Francisco Duato, Partner of ONEtoONE, interviewed for Capital & Corporate, tells what are the changes that are going to occur in the M&A sector due to the pandemic, mentioning the most affected sectors, as well as the main opportunities for investors.
The COVID-19 crisis has forced many companies to adapt to the new situation. According to Francisco, the ability for innovation and digitization make it visible which sectors can continue to be interesting for investors and which ones cannot. Although the impact of COVID-19 on the M&A sector cannot be evaluated yet, operations show falls in the price of assets, according to current data.
The impact of the crisis on valuations:
Duato first indicates that, as a consequence of the pandemic, non-essential and essential activities suffered drops that have never been seen before, negatively influencing the companies’ valuation. Besides, the advisers still do not have visibility of the evolution of prices and valuations, since all this will depend on the effect of the second wave that is beginning now and will extend into autumn.
“The entrepreneur has to do his best to preserve the value of his Company, and M&A advisors have to sharpen the imagination to transfer most of the value to the transaction price,” explains the ONEtoONE’s Partner.
The advisors’ goal is to find a reasonable and satisfactory price for the seller and the buyer as well, and in this situation after the first wave of Coronavirus, this price may vary. However, if a company’s fundamentals were good before the pandemic, and they remain so in the new scenario, this should not penalize the valuation and the company’s price.
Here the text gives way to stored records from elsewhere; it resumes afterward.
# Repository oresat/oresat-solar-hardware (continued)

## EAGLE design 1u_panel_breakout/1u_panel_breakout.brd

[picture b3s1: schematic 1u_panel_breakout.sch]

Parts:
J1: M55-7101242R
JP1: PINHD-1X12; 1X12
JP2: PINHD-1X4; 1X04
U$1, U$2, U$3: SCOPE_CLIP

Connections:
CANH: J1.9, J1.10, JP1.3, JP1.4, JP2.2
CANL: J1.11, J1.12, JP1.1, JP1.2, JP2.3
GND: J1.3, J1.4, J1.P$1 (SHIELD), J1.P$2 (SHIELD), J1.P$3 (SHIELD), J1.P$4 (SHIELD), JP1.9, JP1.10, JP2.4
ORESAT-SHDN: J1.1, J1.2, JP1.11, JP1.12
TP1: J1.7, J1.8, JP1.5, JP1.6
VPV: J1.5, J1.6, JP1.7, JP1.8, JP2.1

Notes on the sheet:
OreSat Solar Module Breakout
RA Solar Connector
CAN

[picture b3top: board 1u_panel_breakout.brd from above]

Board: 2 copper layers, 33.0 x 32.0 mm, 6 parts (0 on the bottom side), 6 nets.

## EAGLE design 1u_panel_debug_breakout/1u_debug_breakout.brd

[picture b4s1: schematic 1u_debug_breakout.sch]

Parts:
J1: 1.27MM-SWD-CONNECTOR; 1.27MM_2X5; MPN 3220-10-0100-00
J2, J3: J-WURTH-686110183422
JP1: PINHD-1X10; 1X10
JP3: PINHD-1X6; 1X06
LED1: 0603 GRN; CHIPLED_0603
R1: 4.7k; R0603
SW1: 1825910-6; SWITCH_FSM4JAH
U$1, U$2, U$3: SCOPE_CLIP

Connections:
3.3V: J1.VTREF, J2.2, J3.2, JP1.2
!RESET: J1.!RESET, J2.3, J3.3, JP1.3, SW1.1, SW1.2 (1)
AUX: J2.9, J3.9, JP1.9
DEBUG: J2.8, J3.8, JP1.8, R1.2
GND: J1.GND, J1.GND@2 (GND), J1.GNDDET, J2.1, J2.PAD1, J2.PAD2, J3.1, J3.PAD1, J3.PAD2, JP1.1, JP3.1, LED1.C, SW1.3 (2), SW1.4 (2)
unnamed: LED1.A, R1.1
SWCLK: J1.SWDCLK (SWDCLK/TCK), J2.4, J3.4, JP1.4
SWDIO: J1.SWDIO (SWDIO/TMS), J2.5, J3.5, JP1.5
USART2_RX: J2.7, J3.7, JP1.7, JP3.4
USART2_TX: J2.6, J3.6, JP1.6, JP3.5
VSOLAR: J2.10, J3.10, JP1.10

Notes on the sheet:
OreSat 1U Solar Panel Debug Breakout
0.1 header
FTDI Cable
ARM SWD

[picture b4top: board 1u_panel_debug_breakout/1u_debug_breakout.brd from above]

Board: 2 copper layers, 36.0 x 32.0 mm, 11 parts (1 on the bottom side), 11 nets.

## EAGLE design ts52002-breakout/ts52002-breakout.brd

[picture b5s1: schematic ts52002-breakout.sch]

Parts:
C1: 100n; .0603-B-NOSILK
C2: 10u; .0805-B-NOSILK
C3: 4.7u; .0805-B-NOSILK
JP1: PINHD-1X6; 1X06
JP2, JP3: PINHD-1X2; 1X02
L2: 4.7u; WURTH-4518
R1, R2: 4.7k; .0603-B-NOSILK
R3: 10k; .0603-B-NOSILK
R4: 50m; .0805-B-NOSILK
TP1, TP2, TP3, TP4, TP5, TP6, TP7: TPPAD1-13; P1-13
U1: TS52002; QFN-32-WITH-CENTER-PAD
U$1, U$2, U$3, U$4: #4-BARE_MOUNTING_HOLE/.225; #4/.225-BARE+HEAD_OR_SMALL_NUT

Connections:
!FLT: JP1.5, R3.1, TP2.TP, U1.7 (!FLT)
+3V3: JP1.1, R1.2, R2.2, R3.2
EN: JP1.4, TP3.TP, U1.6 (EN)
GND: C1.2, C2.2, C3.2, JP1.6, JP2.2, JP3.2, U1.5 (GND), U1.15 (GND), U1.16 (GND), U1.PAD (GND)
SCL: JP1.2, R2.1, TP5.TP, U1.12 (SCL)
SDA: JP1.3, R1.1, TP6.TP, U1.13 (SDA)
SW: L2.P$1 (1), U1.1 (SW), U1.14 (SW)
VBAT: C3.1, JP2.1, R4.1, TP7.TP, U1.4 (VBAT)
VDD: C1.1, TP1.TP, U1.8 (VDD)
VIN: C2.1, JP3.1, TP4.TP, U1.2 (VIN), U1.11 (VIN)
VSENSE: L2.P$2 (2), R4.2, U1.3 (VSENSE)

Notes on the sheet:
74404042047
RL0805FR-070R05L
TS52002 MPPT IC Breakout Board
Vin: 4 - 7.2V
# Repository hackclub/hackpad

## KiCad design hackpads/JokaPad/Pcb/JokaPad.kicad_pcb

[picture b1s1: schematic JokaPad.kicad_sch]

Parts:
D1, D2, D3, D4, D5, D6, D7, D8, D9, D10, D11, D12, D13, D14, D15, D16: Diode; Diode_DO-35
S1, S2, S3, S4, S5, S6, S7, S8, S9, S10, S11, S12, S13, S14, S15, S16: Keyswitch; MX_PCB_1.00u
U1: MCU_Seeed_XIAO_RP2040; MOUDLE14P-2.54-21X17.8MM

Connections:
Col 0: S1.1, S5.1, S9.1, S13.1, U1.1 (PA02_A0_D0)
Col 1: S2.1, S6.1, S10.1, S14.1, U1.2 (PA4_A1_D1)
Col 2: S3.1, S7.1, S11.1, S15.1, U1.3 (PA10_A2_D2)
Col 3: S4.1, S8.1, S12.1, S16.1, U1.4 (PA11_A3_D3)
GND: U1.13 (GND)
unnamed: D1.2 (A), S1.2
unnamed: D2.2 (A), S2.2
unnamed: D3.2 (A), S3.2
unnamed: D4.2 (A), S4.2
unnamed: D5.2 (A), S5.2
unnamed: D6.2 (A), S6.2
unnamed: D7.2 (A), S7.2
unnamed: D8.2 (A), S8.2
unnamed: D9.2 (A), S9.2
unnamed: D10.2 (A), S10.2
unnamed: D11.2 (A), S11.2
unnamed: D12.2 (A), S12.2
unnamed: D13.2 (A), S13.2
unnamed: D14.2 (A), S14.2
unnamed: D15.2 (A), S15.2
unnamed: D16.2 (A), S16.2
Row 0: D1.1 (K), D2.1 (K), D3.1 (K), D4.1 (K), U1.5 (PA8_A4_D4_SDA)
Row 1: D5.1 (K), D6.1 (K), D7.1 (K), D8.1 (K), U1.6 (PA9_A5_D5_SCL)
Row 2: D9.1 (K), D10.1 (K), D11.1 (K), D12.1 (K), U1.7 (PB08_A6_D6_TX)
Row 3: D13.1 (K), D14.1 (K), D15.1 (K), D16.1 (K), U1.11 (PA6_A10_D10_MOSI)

Read more about how to value a company.
Change in deals in the M&A sector due to the pandemic
Duato comments that depending on the sector operations will fall, and others will be redefined. In affected sectors we are going to see many mergers of companies with high operating leverage.
In our Partner’s opinion, the most difficult part of the consultants’ job today is quantifying the impact of the pandemic on the different companies. As a solution, we have to focus on the strategic sense of operations rather than finances. The strategic decisions taken from now on will affect how the company gets out of this complicated situation.
Also, if we focus on making decisions about deals that had already started before the first wave of Coronavirus, it is a legal challenge. On the one hand, buyers protect themselves with Material Adverse Change (MAC) clauses, and on the other hand, sellers want to maintain the same price before the crisis.
The new situation has changed the decision-making process of investors, Duato adds. Now, when looking for opportunities, it is essential to know which sectors are of interest in this new scenario. Furthermore, not only must we take into account in which sector the company operates, but also to whom it sells.
Which sectors will see their valuations most affected?
According to Francisco, during the pandemic, large technology companies such as Amazon, Google, Apple, and Facebook have achieved outstanding results. Technology has allowed the digitization of companies and users, which has been fundamental in this crisis.
“Technology companies that know how to do well in cybersecurity, cloud services, artificial intelligence, collaborative software, internet, health or e-commerce, among others, will be clear winners, ” Duato says.
However, the tourism sector was the clear loser in this pandemic. Despite this, companies in this sector have a high potential for recovery, and because of this, experts advise keeping these assets.
“The Covid-19, among other effects, has drained the liquidity of companies. In the first instance, the CFOs have focused on preserving the cash by resorting it to officially supported financing lines, but those that have survived this first challenge are facing a new one: solvency management. “, Explains Francisco
Liquidity is the ability to meet short-term payments and is related to the proper management of cash flows. However, solvency is the ability to meet long-term payments and is related to the management of the financial structure of the company.
“The approaches tend to vary greatly depending on the size of the companies. Large companies tend to know and handle the different alternatives well. However, the Spanish SME has traditionally been financed via equity, retention of profits, and bank debt. This is an ideal moment to reopen the debate on the advisability of diversifying the sources of financing and evaluating the options available in the market based on the specific characteristics of each company. It is time to overcome the fears of opening the shareholding to investors such as private equity, which in addition to financing, provides professionalization and support in management,” reflects Francisco.
On the other hand, our Partner comments on his opinion on the role of M&A in current and future times: “As we know, seeing changes in M&A takes time and is not usually the best option when immediate problems have to be solved.” However, he indicates, “not making all these reflections on time can lead companies to situations in which the only option is to turn to opportunistic investors. With this comment I do not want to discredit the work of the funds with a distress profile, they are a good option when we are facing a special or very deteriorated situation, but avoiding reaching that point and trying to maneuver in time is a shared responsibility of the entire management team.”